We understand the golden rule is to maximize overall performance with minimum overhead. However, determining the best configuration for different benchmarks is non-trivial. To explore the design space, we follow a heuristic approach to get the numbers of extra functional units. We first profile the target smart contract and get its instruction breakdown, which is the proportion of each type of our ISA. Next, we allocate extra functional units according to the popularity of each type. The often-used instruction type will be paired with more execution units. Then we trace how the new configuration works by monitoring whether the additional resource is used. If the utilization rate is less than the ratio of hardware cost increase, we stop adding units. This is a simpler method compared to a comprehensive design space exploration where we can find the Pareto Optimality [17]. In this case, a software simulator needs to be developed to exhaustively search all possible configurations. Our method needs relatively less work but can still achieve a good performance improvement, which will be shown in section 6.
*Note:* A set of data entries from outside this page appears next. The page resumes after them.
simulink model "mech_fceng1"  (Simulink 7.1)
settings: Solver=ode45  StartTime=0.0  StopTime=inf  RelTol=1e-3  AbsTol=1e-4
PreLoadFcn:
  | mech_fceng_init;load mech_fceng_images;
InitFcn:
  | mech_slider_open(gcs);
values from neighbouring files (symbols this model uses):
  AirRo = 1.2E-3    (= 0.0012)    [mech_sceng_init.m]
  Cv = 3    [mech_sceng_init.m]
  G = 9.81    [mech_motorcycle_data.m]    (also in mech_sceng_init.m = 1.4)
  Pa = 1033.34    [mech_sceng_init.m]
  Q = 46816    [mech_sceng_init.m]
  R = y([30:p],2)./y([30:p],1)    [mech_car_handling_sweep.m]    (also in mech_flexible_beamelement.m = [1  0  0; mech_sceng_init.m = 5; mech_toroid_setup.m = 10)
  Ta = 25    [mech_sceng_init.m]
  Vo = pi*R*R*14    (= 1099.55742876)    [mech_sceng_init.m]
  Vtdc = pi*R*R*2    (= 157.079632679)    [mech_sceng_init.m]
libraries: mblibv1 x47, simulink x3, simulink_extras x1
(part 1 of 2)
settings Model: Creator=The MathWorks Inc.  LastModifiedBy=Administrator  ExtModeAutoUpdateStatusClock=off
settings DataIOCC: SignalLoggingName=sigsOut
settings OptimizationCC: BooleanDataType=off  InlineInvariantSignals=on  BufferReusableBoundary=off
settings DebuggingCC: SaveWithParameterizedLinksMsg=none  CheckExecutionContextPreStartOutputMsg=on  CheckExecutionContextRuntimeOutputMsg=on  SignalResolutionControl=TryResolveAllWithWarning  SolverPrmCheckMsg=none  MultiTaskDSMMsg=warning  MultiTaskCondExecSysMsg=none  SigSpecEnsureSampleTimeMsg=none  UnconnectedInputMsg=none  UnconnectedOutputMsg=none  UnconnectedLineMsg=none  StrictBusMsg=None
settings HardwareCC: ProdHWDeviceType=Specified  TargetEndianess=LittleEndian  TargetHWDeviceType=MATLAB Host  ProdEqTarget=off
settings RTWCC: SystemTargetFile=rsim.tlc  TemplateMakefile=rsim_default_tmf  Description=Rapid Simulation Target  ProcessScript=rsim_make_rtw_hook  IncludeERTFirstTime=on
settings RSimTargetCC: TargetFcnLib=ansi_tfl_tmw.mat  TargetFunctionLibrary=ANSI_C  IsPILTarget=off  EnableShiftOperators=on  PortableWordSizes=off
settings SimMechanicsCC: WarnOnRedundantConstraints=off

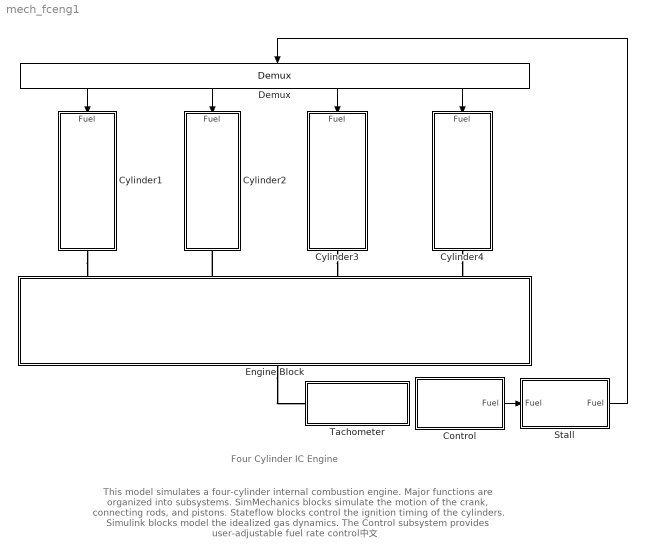
== system mech_fceng1 ==
  note: This model simulates a four-cylinder internal combustion engine. Major functions are organized into subsystems. SimMechanics blocks simulate the motion of the crank, connecting rods, and pistons. Stateflow blocks control the ignition timing of the cylinders. Simulink blocks model the idealized gas dynamics. The Control subsystem provides user-adjustable fuel rate control.中文
  note: Four Cylinder IC Engine
  Control : Subsystem  Tag=OpenMeAtStartUp
  Cylinder1 : Subsystem  Orientation=down
      mask Display: image(crodassm);
  Cylinder2 : Subsystem  Orientation=down
      mask Display: image(crodassmb);
  Cylinder3 : Subsystem  Orientation=down
      mask Display: image(crodassmb);
  Cylinder4 : Subsystem  Orientation=down
      mask Display: image(crodassm);
  Demux : Demux  Orientation=down
  Engine Block : Subsystem  Orientation=up
      mask Display: image(crank);
  Stall : Subsystem
  Tachometer : Subsystem
  wires:
  Demux/1 -> Cylinder1/1(Fuel)
  Demux/2 -> Cylinder2/1(Fuel)
  Demux/3 -> Cylinder3/1(Fuel)
  Demux/4 -> Cylinder4/1(Fuel)
  Control/1(Fuel) -> Stall/1("Fuel ")
  Stall/1(Fuel) -> Demux/1
  connections:
  Cylinder1/RConn1 -- Engine Block/RConn1
  Cylinder4/RConn1 -- Engine Block/RConn4
  Engine Block/LConn1 -- Tachometer/LConn1
  Cylinder3/RConn1 -- Engine Block/RConn3
  Engine Block/RConn2 -- Cylinder2/RConn1

== system mech_fceng1/Control ==
  Constant : Constant  OutDataType=sfix(16)  OutScaling=2^0
  Cylinder1 : simulink/Signal Routing/Manual Switch  Orientation=down  SystemSampleTime=-1  sw=0  action=0  varsize=off
  Cylinder4 : simulink/Signal Routing/Manual Switch  Orientation=down  SystemSampleTime=-1  sw=0  action=0  varsize=off
  Fuel Control : simulink/Math Operations/Slider Gain  Tag="674   438   332   100"  SystemSampleTime=-1  low=0  gain=2  high=4
  OFF : Constant  Orientation=up  Value=0  OutDataType=sfix(16)  OutScaling=2^0
  ON : Constant  Orientation=up  Value=-1  OutDataType=sfix(16)  OutScaling=2^0
  Fuel : Outport  OutDataType=sfix(16)  OutScaling=2^0
  tag scope: Cylinder1=global, Cylinder2=global
  wires:
  Cylinder1/1 -> [Cylinder1]
  Constant/1 -> Fuel Control/1
  Fuel Control/1 -> Fuel/1
  OFF/1 -> Cylinder1/1, Cylinder4/1
  ON/1 -> Cylinder4/2, Cylinder1/2
  Cylinder4/1 -> [Cylinder2]

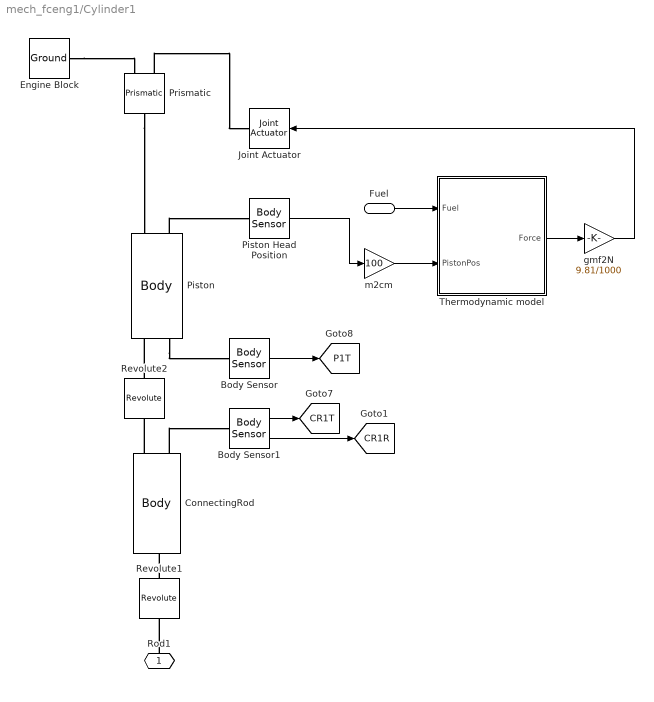
== system mech_fceng1/Cylinder1 ==
  Fuel : Inport  OutDataType=sfix(16)  OutScaling=2^0
  Body Sensor : mblibv1/Sensors &  Actuators/Body Sensor  DialogController=MECH.DynMechDlgSource  SystemSampleTime=-1  PhysicalDomain=Mechanical  PortType=blob  Muxed=on  Pose=off  Angle=on  AngleUnits=deg  ArcVelocity=off  ArcVelocityUnits=deg/s  ArcAcceleration=off  ArcAccelerationUnits=deg/s^2  CoordPosition=on  CoordPositionUnits=m  Velocity=off  VelocityUnits=m/s  Acceleration=off  AccelerationUnits=m/s^2  Quaternion=on  QuaternionDT=off  QuaternionDDT=off  QuaternionUnits=off  OutputVector=[1]  ActiveIO=on  Width=3  DialogClass=MechanicalSensorBlock  ReferenceFrame=Absolute (World)
  Body Sensor1 : mblibv1/Sensors &  Actuators/Body Sensor  DialogController=MECH.DynMechDlgSource  SystemSampleTime=-1  PhysicalDomain=Mechanical  PortType=blob  Muxed=off  Pose=on  Angle=on  AngleUnits=deg  ArcVelocity=off  ArcVelocityUnits=deg/s  ArcAcceleration=off  ArcAccelerationUnits=deg/s^2  CoordPosition=on  CoordPositionUnits=m  Velocity=off  VelocityUnits=m/s  Acceleration=off  AccelerationUnits=m/s^2  Quaternion=on  QuaternionDT=off  QuaternionDDT=off  QuaternionUnits=off  OutputVector=[ 3 9 ]  ActiveIO=on  Width=12  DialogClass=MechanicalSensorBlock  ReferenceFrame=Absolute (World)
  ConnectingRod : mblibv1/Bodies/Body  Orientation=up  DialogController=MECH.DynMechDlgSource  PhysicalDomain=mechanical  SubClassName=Unknown  LeftPortType=workingframe  RightPortType=workingframe  LConnTagsString=CS1  RConnTagsString=CS2|CS3  DialogClass=MechanicalBodyBlock  Mass=676.73  MassUnits=g  InertiaUnits=kg*m^2  Inertia=[37007.64 0 -0.01;0 2936.99 7181.27;-0.01 7181.27 34460.53]*1E-7  Shape=Cylinder  ShapeDims=[1 1]  ShapeUnits=m  ShapeUse=false  Density=1  DensityUnits=kg/m^3  DensityUse=false  GraphicsMode=1  BodyColor=[0.5 0.5 0.5]  GraphicsObj=[]  AttachedToCS=1  CG=Left$CG$[-18 11.35 -2.70]$WORLD$WORLD$cm$[0 0 0]$Euler X-Y-Z$deg$WORLD$false  WorkingFrames=Left$CS1$[-18 4.24 -4.24]$WORLD$WORLD$cm$[0 0 0]$Euler X-Y-Z$deg$WORLD$true#Right$CS2$[-18 23.79 0]$WORLD$WORLD$cm$[0 0 0]$Euler X-Y-Z$deg$WORLD$true#Right$CS3$[-18 4.24 -4.24]$WORLD$WORLD$cm$[0 0 0]$Euler X-Y-Z$deg$WORLD$true  CGPos=[-18 11.35 -2.70]  CGRot=[0 0 0]  CS0Pos=[]  CS0Rot=[]  CS1Pos=[-18 4.24 -4.24]  CS1Rot=[0 0 0]  CS2Pos=[-18 23.79 0]  CS2Rot=[0 0 0]  CS3Pos=[-18 4.24 -4.24]  CS3Rot=[0 0 0]  CS4Pos=[]  CS4Rot=[]  CS5Pos=[]  CS5Rot=[]  CS6Pos=[]  CS6Rot=[]  CS7Pos=[]  CS7Rot=[]  CS8Pos=[]  CS8Rot=[]  CS9Pos=[]  CS9Rot=[]  CS10Pos=[]  CS10Rot=[]  CS11Pos=[]  CS11Rot=[]  CS12Pos=[]  CS12Rot=[]  CS13Pos=[]  CS13Rot=[]  CS14Pos=[]  CS14Rot=[]  CS15Pos=[]  CS15Rot=[]  CS16Pos=[]  CS16Rot=[]  CS17Pos=[]  CS17Rot=[]  CS18Pos=[]  CS18Rot=[]  CS19Pos=[]  CS19Rot=[]  CS20Pos=[]  CS20Rot=[]
  Engine Block : mblibv1/Bodies/Ground  DialogController=MECH.DynMechDlgSource  SystemSampleTime=-1  LeftPortType=env  RightPortType=workingframe  PhysicalDomain=Mechanical  DialogClass=GroundBlock  CoordPosition=[-13.23 23.79 0]  CoordPositionUnits=cm  StateVectorMgrId=-1  MachineId=[0 0]  ShowEnvPort=off
  Joint Actuator : mblibv1/Sensors &  Actuators/Joint Actuator  Orientation=left  DialogController=MECH.DynMechDlgSource  SystemSampleTime=-1  PhysicalDomain=Mechanical  PortType=blob  ActuationStyle=Force  AngleUnits=deg  ArcVelocityUnits=deg/s  ArcAccelerationUnits=deg/s^2  CoordPositionUnits=m  VelocityUnits=m/s  AccelerationUnits=m/s^2  ForceUnits=N  TorqueUnits=N-m  ActiveIO=on  Width=1  DialogClass=MechanicalActuatorBlock  Primitive=P1  ReferenceFrame=Absolute (INERTIAL)
  Piston : mblibv1/Bodies/Body  Orientation=up  DialogController=MECH.DynMechDlgSource  PhysicalDomain=mechanical  SubClassName=Unknown  LeftPortType=workingframe  RightPortType=workingframe  LConnTagsString=CS1|CS3  RConnTagsString=CS2|CS4  DialogClass=MechanicalBodyBlock  Mass=3490.25  MassUnits=g  InertiaUnits=kg*m^2  Inertia=[39798.30 0.06 -0.01;0.06 49173.25 -0.04;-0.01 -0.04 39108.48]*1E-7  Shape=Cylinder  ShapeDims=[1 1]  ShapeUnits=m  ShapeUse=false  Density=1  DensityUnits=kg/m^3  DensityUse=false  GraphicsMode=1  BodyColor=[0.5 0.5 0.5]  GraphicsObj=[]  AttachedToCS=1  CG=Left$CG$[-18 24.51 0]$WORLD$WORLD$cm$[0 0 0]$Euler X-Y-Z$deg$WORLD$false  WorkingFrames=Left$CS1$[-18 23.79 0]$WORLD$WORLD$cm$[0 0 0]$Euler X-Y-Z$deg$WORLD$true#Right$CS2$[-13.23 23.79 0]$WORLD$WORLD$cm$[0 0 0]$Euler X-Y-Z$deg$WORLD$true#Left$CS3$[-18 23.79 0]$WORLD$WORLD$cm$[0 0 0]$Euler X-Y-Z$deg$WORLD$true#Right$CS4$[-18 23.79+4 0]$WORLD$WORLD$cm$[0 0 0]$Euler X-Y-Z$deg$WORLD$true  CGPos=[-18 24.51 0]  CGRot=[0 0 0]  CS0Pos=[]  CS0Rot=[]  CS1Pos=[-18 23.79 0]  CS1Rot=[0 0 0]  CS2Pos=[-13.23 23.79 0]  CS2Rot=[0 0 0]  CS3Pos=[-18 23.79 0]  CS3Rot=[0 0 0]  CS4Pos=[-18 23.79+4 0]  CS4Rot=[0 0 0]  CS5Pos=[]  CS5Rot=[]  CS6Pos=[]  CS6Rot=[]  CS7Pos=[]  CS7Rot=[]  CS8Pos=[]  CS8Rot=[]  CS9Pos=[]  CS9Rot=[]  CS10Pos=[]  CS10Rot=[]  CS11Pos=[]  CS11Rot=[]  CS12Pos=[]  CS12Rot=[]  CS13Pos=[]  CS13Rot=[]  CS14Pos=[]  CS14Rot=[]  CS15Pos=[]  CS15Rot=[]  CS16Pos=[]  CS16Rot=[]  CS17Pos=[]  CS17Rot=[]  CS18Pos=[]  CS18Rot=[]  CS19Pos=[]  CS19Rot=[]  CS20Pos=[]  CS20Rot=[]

#### B. Transaction-level Parallelism

In Ethereum design, transactions must be executed in the order of their appearance in the block. This is because the potential data dependency between transactions will be broken if they are executed in the wrong order. However, running multiple transactions in parallel is still achievable. We propose two techniques: two-step validation and heterogeneous multicore design to address this issue.



Fig. 2. Micro-architecture of SCU Core

1) Two-step Validation: Normally, a transaction will only affect the storage field of their target smart contract and have no influence on the other ones. Therefore, data dependency only exists between transactions sent to the same target smart contract. In such cases, the sequence of their execution is deterministic since the resulting state of the leading transaction will be used as the input state of the followers. Thus, we define the two-step validation that separates the execution from the validation of the state and these two steps can run in parallel.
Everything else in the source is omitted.